Нагибаться Тошка не мог. Найдя сухую ветку, он падал на колени, а потом, опираясь на нее, с кряхтением поднимался. Что было на ужин, Тошка не разобрал. Он просто придвинул к себе миску, отломил от каравая кусину хлеба и макнул ее в горячее, пахнущее чесноком варево.
— Хороша моченка!
— Хорошая — согласился с ним дядя Гоша. — Чесночок за душу так и берет! Без него и еда не еда. И кроме того- профилактика!
— Какая? — не понял Тошка.
— Обыкновенная. Можно воду из любой лужи пить, самая живучая микроба подохнет от чесночного аромата. Проверено!..
Впервые в жизни Тошка ночевал у костра. Забравшись поглубже в стеганый спальный мешок, он не отрываясь смотрел в бездонное ночное небо, усыпанное крупными холодными звездами. Стреляли дрова в костре, шумно вздыхали развьюченные лошади, в лесу пронзительно звенели цикады и кто-то бродил, потрескивая сухим валежником. Рядом с Тошкой храпел на все лады Ираклий Самсонович, а дядя Гога сидел на ящике у костра и, задумчиво глядя в огонь, сосал махорочную козью ножку. На его острых коленях, обтянутых потертыми кожаными галифе, лежала двустволка. Тошка вылез из мешка и, взяв охапку сухих веток, подошел к костру.
— Ты чего не спишь? — спросил его дядя Гога.
— Да так чего-то… А что это в лесу все время хрустит? Может, медведь?
— Вряд ли.
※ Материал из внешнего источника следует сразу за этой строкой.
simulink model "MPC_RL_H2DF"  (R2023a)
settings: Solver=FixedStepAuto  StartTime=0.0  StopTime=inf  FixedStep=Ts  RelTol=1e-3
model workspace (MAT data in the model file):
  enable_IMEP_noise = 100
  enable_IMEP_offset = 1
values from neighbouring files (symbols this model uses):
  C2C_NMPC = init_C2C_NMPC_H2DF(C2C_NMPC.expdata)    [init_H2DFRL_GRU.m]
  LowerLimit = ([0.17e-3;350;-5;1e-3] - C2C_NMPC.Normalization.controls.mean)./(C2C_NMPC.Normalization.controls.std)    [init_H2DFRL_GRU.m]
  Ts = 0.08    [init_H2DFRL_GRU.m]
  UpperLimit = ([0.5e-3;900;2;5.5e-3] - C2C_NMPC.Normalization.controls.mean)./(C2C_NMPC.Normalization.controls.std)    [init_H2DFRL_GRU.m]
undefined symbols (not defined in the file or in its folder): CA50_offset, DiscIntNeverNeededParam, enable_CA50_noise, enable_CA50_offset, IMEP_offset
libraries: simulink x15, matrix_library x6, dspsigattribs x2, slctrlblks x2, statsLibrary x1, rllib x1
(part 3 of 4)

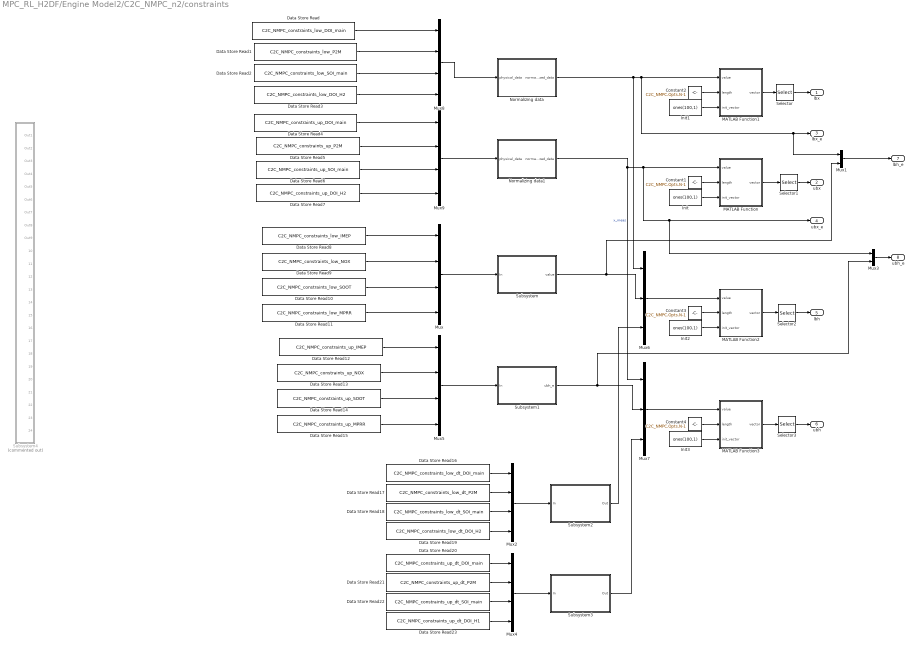
== system MPC_RL_H2DF/Engine Model2/C2C_NMPC_n2/constraints ==
  Constant{1..4} (4 alike) : Constant  Value=C2C_NMPC.Opts.N-1
  Data Store Read : DataStoreRead  DataStoreName=C2C_NMPC_constraints_low_DOI_main  IndexOptions=Index vector (dialog)  Indices=1  OutputSizes=1
  Data Store Read1 : DataStoreRead  DataStoreName=C2C_NMPC_constraints_low_P2M  IndexOptions=Index vector (dialog)  Indices=1  OutputSizes=1
  Data Store Read10 : DataStoreRead  DataStoreName=C2C_NMPC_constraints_low_SOOT  IndexOptions=Index vector (dialog)  Indices=1  OutputSizes=1
  Data Store Read11 : DataStoreRead  DataStoreName=C2C_NMPC_constraints_low_MPRR  IndexOptions=Index vector (dialog)  Indices=1  OutputSizes=1
  Data Store Read12 : DataStoreRead  DataStoreName=C2C_NMPC_constraints_up_IMEP  IndexOptions=Index vector (dialog)  Indices=1  OutputSizes=1
  Data Store Read13 : DataStoreRead  DataStoreName=C2C_NMPC_constraints_up_NOX  IndexOptions=Index vector (dialog)  Indices=1  OutputSizes=1
  Data Store Read14 : DataStoreRead  DataStoreName=C2C_NMPC_constraints_up_SOOT  IndexOptions=Index vector (dialog)  Indices=1  OutputSizes=1
  Data Store Read15 : DataStoreRead  DataStoreName=C2C_NMPC_constraints_up_MPRR  IndexOptions=Index vector (dialog)  Indices=1  OutputSizes=1
  Data Store Read16 : DataStoreRead  DataStoreName=C2C_NMPC_constraints_low_dt_DOI_main  IndexOptions=Index vector (dialog)  Indices=1  OutputSizes=1
  Data Store Read17 : DataStoreRead  DataStoreName=C2C_NMPC_constraints_low_dt_P2M  IndexOptions=Index vector (dialog)  Indices=1  OutputSizes=1
  Data Store Read18 : DataStoreRead  DataStoreName=C2C_NMPC_constraints_low_dt_SOI_main  IndexOptions=Index vector (dialog)  Indices=1  OutputSizes=1
  Data Store Read19 : DataStoreRead  DataStoreName=C2C_NMPC_constraints_low_dt_DOI_H2  IndexOptions=Index vector (dialog)  Indices=1  OutputSizes=1
  Data Store Read2 : DataStoreRead  DataStoreName=C2C_NMPC_constraints_low_SOI_main  IndexOptions=Index vector (dialog)  Indices=1  OutputSizes=1
  Data Store Read20 : DataStoreRead  DataStoreName=C2C_NMPC_constraints_up_dt_DOI_main  IndexOptions=Index vector (dialog)  Indices=1  OutputSizes=1
  Data Store Read21 : DataStoreRead  DataStoreName=C2C_NMPC_constraints_up_dt_P2M  IndexOptions=Index vector (dialog)  Indices=1  OutputSizes=1
  Data Store Read22 : DataStoreRead  DataStoreName=C2C_NMPC_constraints_up_dt_SOI_main  IndexOptions=Index vector (dialog)  Indices=1  OutputSizes=1
  Data Store Read23 : DataStoreRead  DataStoreName=C2C_NMPC_constraints_up_dt_DOI_H1  IndexOptions=Index vector (dialog)  Indices=1  OutputSizes=1
  Data Store Read3 : DataStoreRead  DataStoreName=C2C_NMPC_constraints_low_DOI_H2  IndexOptions=Index vector (dialog)  Indices=1  OutputSizes=1
  Data Store Read4 : DataStoreRead  DataStoreName=C2C_NMPC_constraints_up_DOI_main  IndexOptions=Index vector (dialog)  Indices=1  OutputSizes=1
  Data Store Read5 : DataStoreRead  DataStoreName=C2C_NMPC_constraints_up_P2M  IndexOptions=Index vector (dialog)  Indices=1  OutputSizes=1
  Data Store Read6 : DataStoreRead  DataStoreName=C2C_NMPC_constraints_up_SOI_main  IndexOptions=Index vector (dialog)  Indices=1  OutputSizes=1
  Data Store Read7 : DataStoreRead  DataStoreName=C2C_NMPC_constraints_up_DOI_H2  IndexOptions=Index vector (dialog)  Indices=1  OutputSizes=1
  Data Store Read8 : DataStoreRead  DataStoreName=C2C_NMPC_constraints_low_IMEP  IndexOptions=Index vector (dialog)  Indices=1  OutputSizes=1
  Data Store Read9 : DataStoreRead  DataStoreName=C2C_NMPC_constraints_low_NOX  IndexOptions=Index vector (dialog)  Indices=1  OutputSizes=1
  Init{,1..3} (4 alike) : Constant  Value=ones(100,1)
  MATLAB Function : MATLAB Function  TreatAsAtomicUnit=on
  MATLAB Function1 : MATLAB Function  TreatAsAtomicUnit=on
  MATLAB Function2 : MATLAB Function  TreatAsAtomicUnit=on
  MATLAB Function3 : MATLAB Function  TreatAsAtomicUnit=on
  Mux{,2,4..5,8..9} (6 alike) : Mux
  Mux1 : Mux  Inputs=2
  Mux3 : Mux  Inputs=2
  Mux6 : Mux  Inputs=3
  Mux7 : Mux  Inputs=3
  Normalizing data : Subsystem
  Normalizing data1 : Subsystem
  Selector : Selector  IndexOptions=Index vector (dialog)  Indices=1:((C2C_NMPC.Opts.N-1)*C2C_NMPC.Dims.n_controls)  OutputSizes=1
  Selector1 : Selector  IndexOptions=Index vector (dialog)  Indices=1:((C2C_NMPC.Opts.N-1)*C2C_NMPC.Dims.n_controls)  OutputSizes=1
  Selector2 : Selector  IndexOptions=Index vector (dialog)  Indices=1:((C2C_NMPC.Opts.N)*(C2C_NMPC.Dims.n_outputs + C2C_NMPC.Dims.n_controls +C2C_NMPC.Dims.n_controls))  OutputSizes=1
  Selector3 : Selector  IndexOptions=Index vector (dialog)  Indices=1:((C2C_NMPC.Opts.N)*(C2C_NMPC.Dims.n_outputs + C2C_NMPC.Dims.n_controls +C2C_NMPC.Dims.n_controls))  OutputSizes=1
  Subsystem : Subsystem
  Subsystem1 : Subsystem
  Subsystem2 : Subsystem
  Subsystem3 : Subsystem
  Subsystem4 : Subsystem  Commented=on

Скорее всего кабаны или барсуки. Медведя лошади за версту почуют и такой поднимут храп, что сам Ираклий Самсонович позавидует.
Дядя Гога встал и, подойдя к Ираклию Самсоновичу, перевернул его на другой бок. Тот что-то проворчал сквозь сон и, натянув на голову полу лохматой бурки, затих.
Утром Тошка проснулся первым. Буковый лес стоял вокруг потухшего костра мраморной колоннадой. В синих ущельях сонно ворочались клубы густого тумана. Маленькая речушка, прыгая по высоким каменным ступеням, с шумом бежала куда-то вниз, в непроходимые заросли черники. Крутобокий валун, весь поросший мягким мхом, преграждал ей путь, и речушка делала петлю.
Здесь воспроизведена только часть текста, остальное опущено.